Zur Begründung wurde mit Schreiben vom … Februar 2017 ein ärztliches Attest der …-Klinik vom … Januar 2017 zur Kenntnisnahme vorgelegt, wonach sich der Antragsteller dort wegen schwerer psychischer Erkrankungen in stationär-psychiatrischer Behandlung befinde. Aufgrund seiner Erkrankung sei eine reizarme, stabilisierende und Sicherheit vermittelnde Unterkunft aus ärztlicher Sicht dringend erforderlich. Die geplante Unterbringung in einem Mehrbettzimmer bedeute aus ärztlicher Sicht eine massive Belastung für den Patienten, durch die eine anhaltende Stresssituation für ihn entstehe und eine neuerliche Dekompensation bzw. deutliche Verschlechterung und Chronifizierung seiner Erkrankungen droht. Aus diesem Grund sei aus ärztlicher Sicht die Unterbringung in einer entsprechend geeigneten Wohnumgebung dringend erforderlich, da durch diese Maßnahmen eine Verschlechterung der Erkrankung vermieden und somit eine anhaltende Stabilisierung der psychischen Situation bei dem Patienten erreicht werden könne.
Mit Schreiben vom … Februar 2017 legte der Antragsgegner die Behördenakte vor und teilte mit, dass der Antragsteller laut Auskunft aus dem Ausländerzentralregister seit Ablehnung seines Asylantrages am … Oktober 2013 Inhaber einer Duldung gemäß § 60a Abs. 2 Satz 1 Aufenthaltsgesetz (AufenthG) sei. Auch der Asylfolgeantrag sei mit Bescheid des BAMF vom … Juli 2016 abgelehnt worden. Somit unterfalle der Antragsteller der Anspruchseinschränkung des § 1a Abs. 1 Asylbewerberleistungsgesetz (AsylbLG). Aus diesem Grund habe ein öffentliches Interesse an der Umverteilung in die jetzige dezentrale Unterkunft bestanden, da diese über einen Beherbergungsvertrag verfüge. Dort könne dem insbesondere für abgelehnte Asylbewerber geltenden Sachleistungsprinzip Rechnung getragen werden, da hier – im Gegensatz zur vorherigen Unterkunft – die Verpflegung als Sachleistung gewährt werden könne. Mit am … Dezember 2016 beim Antragsgegner eingegangenen Schreiben habe der Antragsteller die private Wohnsitznahme beantragt. Ohne das Vorliegen einer entsprechenden Wohnmöglichkeit könne dieser Antrag jedoch nicht bearbeitet werden. Auch im Hinblick auf das nun vorgelegte Attest werde angeregt, dass sich der Antragsteller mit Hilfe des Helferkreises sowie seiner „Ziehmutter“ um eine geeignete Wohnung bemühen solle. Auch in der vorherigen Unterkunft mit einer Kapazität von 83 Plätzen habe keine „Wohnumgebung“ geherrscht. Es werde daher beantragt, die Klage abzuweisen und den Antrag abzulehnen.

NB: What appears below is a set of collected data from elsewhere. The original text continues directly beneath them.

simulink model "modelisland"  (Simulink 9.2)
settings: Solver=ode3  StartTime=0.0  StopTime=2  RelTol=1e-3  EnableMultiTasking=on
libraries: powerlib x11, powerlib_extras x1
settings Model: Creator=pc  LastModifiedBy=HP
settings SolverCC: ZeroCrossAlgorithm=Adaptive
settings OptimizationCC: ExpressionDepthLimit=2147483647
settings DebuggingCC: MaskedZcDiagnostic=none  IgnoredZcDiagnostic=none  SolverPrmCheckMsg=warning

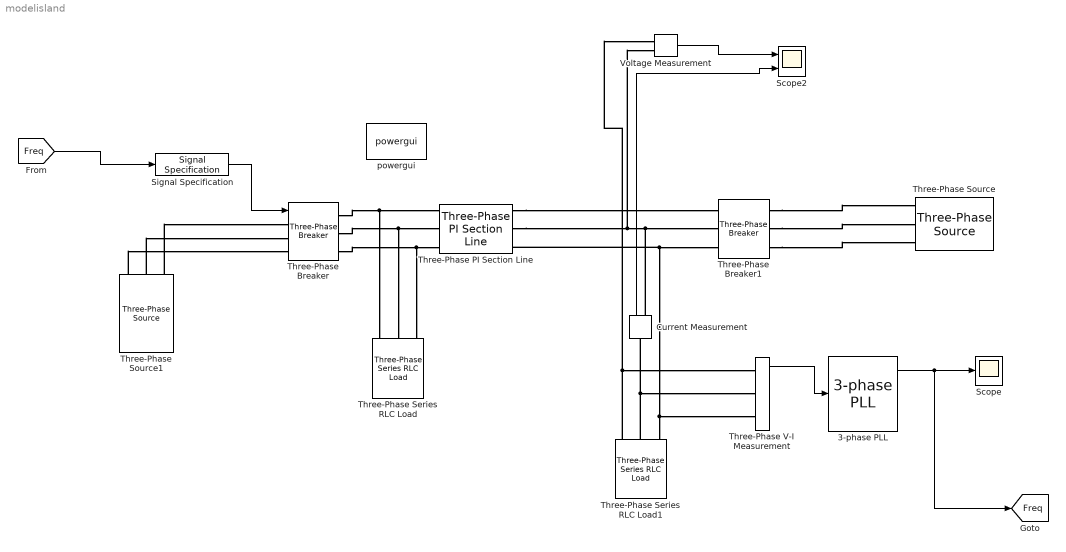
== system modelisland ==
  3-phase PLL : powerlib_extras/Control  Blocks/3-phase PLL  Par_Init=[0 60]  ParK=[ 180 3200 1 ]  AGC=off
  Current Measurement : powerlib/Measurements/Current Measurement  PhasorSimulation=off  OutputType=Complex  PSBequivalent=0
  Scope : Scope
  Scope2 : Scope  NumInputPorts=2
  Signal Specification : SignalSpecification
  Three-Phase PI Section Line : powerlib/Elements/Three-Phase PI Section Line  LConnTagsString=a|b|c  RConnTagsString=A|B|C  Frequency=60  Resistances=[ 0.01273 0.3864]  Inductances="[ 0.9337e-3  4.1264e-3]"  Capacitances=[12.74e-9 7.751e-9]  Length=500
      settings: SourceProductName=Simscape Power Systems
  Three-Phase Series RLC Load : powerlib/Elements/Three-Phase Series RLC Load  LConnTagsString=A|B|C  Configuration=Y (grounded)  NominalVoltage=1000  Vabc=[1e3 1e3 1e3]  Vabcp=[1e3 1e3 1e3]  NominalFrequency=60  UnbalancedPower=off  ActivePower=10e3  InductivePower=100  CapacitivePower=100  Pabc=[10e3 9e3 11e3]  QLabc=[100 90 110]  QCabc=[100 90 110]  Pabcp=[10e3 9e3 11e3]  QLabcp=[100 90 110]  QCabcp=[100 90 110]  Measurements=None  LoadType=constant Z
  Three-Phase Series RLC Load1 : powerlib/Elements/Three-Phase Series RLC Load  LConnTagsString=A|B|C  Configuration=Y (grounded)  NominalVoltage=1000  Vabc=[1e3 1e3 1e3]  Vabcp=[1e3 1e3 1e3]  NominalFrequency=60  UnbalancedPower=off  ActivePower=10e3  InductivePower=100  CapacitivePower=100  Pabc=[10e3 9e3 11e3]  QLabc=[100 90 110]  QCabc=[100 90 110]  Pabcp=[10e3 9e3 11e3]  QLabcp=[100 90 110]  QCabcp=[100 90 110]  Measurements=None  LoadType=constant Z
  Three-Phase V-I Measurement : powerlib/Measurements/Three-Phase V-I Measurement  VoltageMeasurement=phase-to-ground  SetLabelV=off  LabelV=Vabc  Vpu=off  VpuLL=off  CurrentMeasurement=no  SetLabelI=off  LabelI=Iabc  Ipu=off  Pbase=100e6  Vbase=500e3  OutputType=Complex  PhasorSimulation=off  PSBequivalent=0
  Three-Phase Breaker : powerlib/Elements/Three-Phase Breaker  InitialState=closed  SwitchA=on  SwitchB=on  SwitchC=on  SwitchTimes="[4/60  10/60]"  External=on  BreakerResistance=0.001  SnubberResistance=1e6  SnubberCapacitance=inf  Measurements=None
  Three-Phase Breaker1 : powerlib/Elements/Three-Phase Breaker  InitialState=open  SwitchA=on  SwitchB=on  SwitchC=on  SwitchTimes="[4/60  10/60]"  External=off  BreakerResistance=0.001  SnubberResistance=1e6  SnubberCapacitance=inf  Measurements=None
  Three-Phase Source : powerlib/Electrical Sources/Three-Phase Source  InternalConnection=Yg  VoltagePhases=off  Voltage=25e3  PhaseAngle=0  Voltage_phases=[25e3 25e3 25e3]/sqrt(3)  PhaseAngles_phases=[0 -120 +120]  Frequency=60  NonIdealSource=on  SpecifyImpedance=on  Resistance=0.8929  Inductance=16.58e-3  ShortCircuitLevel=100e6  BaseVoltage=25e3  XRratio=7  BusType=swing  Pref=10e3  Qref=0  Prefabc=[10e3, 10e3, 10e3]  Qrefabc=[0, 0, 0]  Qmin=-inf  Qmax=inf
  Three-Phase Source1 : powerlib/Electrical Sources/Three-Phase Source  InternalConnection=Yg  VoltagePhases=off  Voltage=25e3  PhaseAngle=0  Voltage_phases=[25e3 25e3 25e3]/sqrt(3)  PhaseAngles_phases=[0 -120 +120]  Frequency=60  NonIdealSource=on  SpecifyImpedance=on  Resistance=0.8929  Inductance=16.58e-3  ShortCircuitLevel=100e6  BaseVoltage=25e3  XRratio=7  BusType=swing  Pref=10e3  Qref=0  Prefabc=[10e3, 10e3, 10e3]  Qrefabc=[0, 0, 0]  Qmin=-inf  Qmax=inf
  Voltage Measurement : powerlib/Measurements/Voltage Measurement  PhasorSimulation=off  OutputType=Complex  PSBequivalent=0
  powergui : powerlib/powergui  Priority=1  SimulationMode=Discrete  SampleTime=50e-6  frequency=60  Iterations=50  frequencyindice=60  Pbase=100e6  ErrMax=1e-4  UnitsV=kV  UnitsW=MW  buscounter=0  FunctionMessages=off  echomessages=off  EnableUseOfTLC=off  CurrentSourceSwitches=off  DisableSnubberDevices=off  DisableRonSwitches=off  DisableVfSwitches=off  DisplayEquations=off  SolverType=Tustin/Backward Euler (TBE)  Interpol=off  ExternalGateDelay=off  methode=off  Ts=100  x0status=blocks  SPID=off  SwTol=0  HookPort=off  RestoreLinks=warning  ResistiveCurrentMeasurement=off  Frange=[0:2:500]  Ylog=off  Xlog=on  ShowGrid=off  save=off  variable=ZData  structure=0  ZoomFFT=off  StartTime=0.0  cycles=1  DisplayStyle=1  fundamental=60  FreqAxis=off  MaxFrequency=1000  frequencyindicesteady=1  RmsSteady=1  display=off
  tag scope: Freq=global
  wires:
  Current Measurement/1 -> Scope2/2
  Voltage Measurement/1 -> Scope2/1
  Three-Phase V-I Measurement/1 -> 3-phase PLL/1
  Signal Specification/1 -> Three-Phase Breaker/1
  [Freq] -> Signal Specification/1
  3-phase PLL/1 -> Scope/1, [Freq]
  connections:
  Three-Phase Breaker/RConn1 -- Three-Phase PI Section Line/LConn1 -- Three-Phase Series RLC Load/LConn1
  Three-Phase Breaker/RConn2 -- Three-Phase PI Section Line/LConn2 -- Three-Phase Series RLC Load/LConn2
  Three-Phase Breaker/RConn3 -- Three-Phase PI Section Line/LConn3 -- Three-Phase Series RLC Load/LConn3
  Three-Phase PI Section Line/RConn1 -- Three-Phase Breaker1/LConn1
  Three-Phase PI Section Line/RConn2 -- Voltage Measurement/LConn2 -- Three-Phase Breaker1/LConn2 -- Current Measurement/RConn1
  Three-Phase Breaker1/LConn3 -- Three-Phase PI Section Line/RConn3 -- Three-Phase Series RLC Load1/LConn3 -- Three-Phase V-I Measurement/LConn3
  Three-Phase Breaker1/RConn1 -- Three-Phase Source/RConn1
  Three-Phase Breaker1/RConn2 -- Three-Phase Source/RConn2
  Three-Phase Breaker1/RConn3 -- Three-Phase Source/RConn3
  Three-Phase Series RLC Load1/LConn2 -- Current Measurement/LConn1 -- Three-Phase V-I Measurement/LConn2
  Three-Phase Series RLC Load1/LConn1 -- Voltage Measurement/LConn1 -- Three-Phase V-I Measurement/LConn1
  Three-Phase Source1/RConn1 -- Three-Phase Breaker/LConn1
  Three-Phase Source1/RConn2 -- Three-Phase Breaker/LConn2
  Three-Phase Source1/RConn3 -- Three-Phase Breaker/LConn3

Mit Schreiben vom … Februar 2017 teilte das Gericht den Beteiligten mit, dass es davon ausgehe, dass es sich vorliegend um eine asylrechtliche Streitigkeit handele, da der Antragsteller und Kläger gegen den ablehnenden Bundesamtsbescheid vom … Juli 2016 Klage zum VG München erhoben habe, über die noch nicht entschieden worden sei, so dass das Asylfolgeverfahren noch nicht bestandskräftig abgeschlossen sei. Zudem wurde darauf hingewiesen, dass bei Durchsicht der vorgelegten Behördenakte aufgefallen sei, dass dem Antragsteller bereits mit Bescheid vom … März 2015 die private Wohnsitznahme im Landkreis … gestattet worden sei, ein Widerruf dieser Gestattung sich jedoch nicht in der Behördenakte befinde, so dass sich der streitgegenständliche Bescheid infolgedessen als ermessensfehlerhaft erweisen könnte, weil er sich nicht damit auseinander gesetzt habe, dass dem Antragsteller bereits unter Widerrufsvorbehalt die Wohnsitznahme außerhalb einer staatlichen Gemeinschaftsunterkunft im Zuständigkeitsbereich des Landkreises … gestattet worden war. Zu beiden Punkten wurde den Beteiligten Gelegenheit zur Stellungnahme gegeben.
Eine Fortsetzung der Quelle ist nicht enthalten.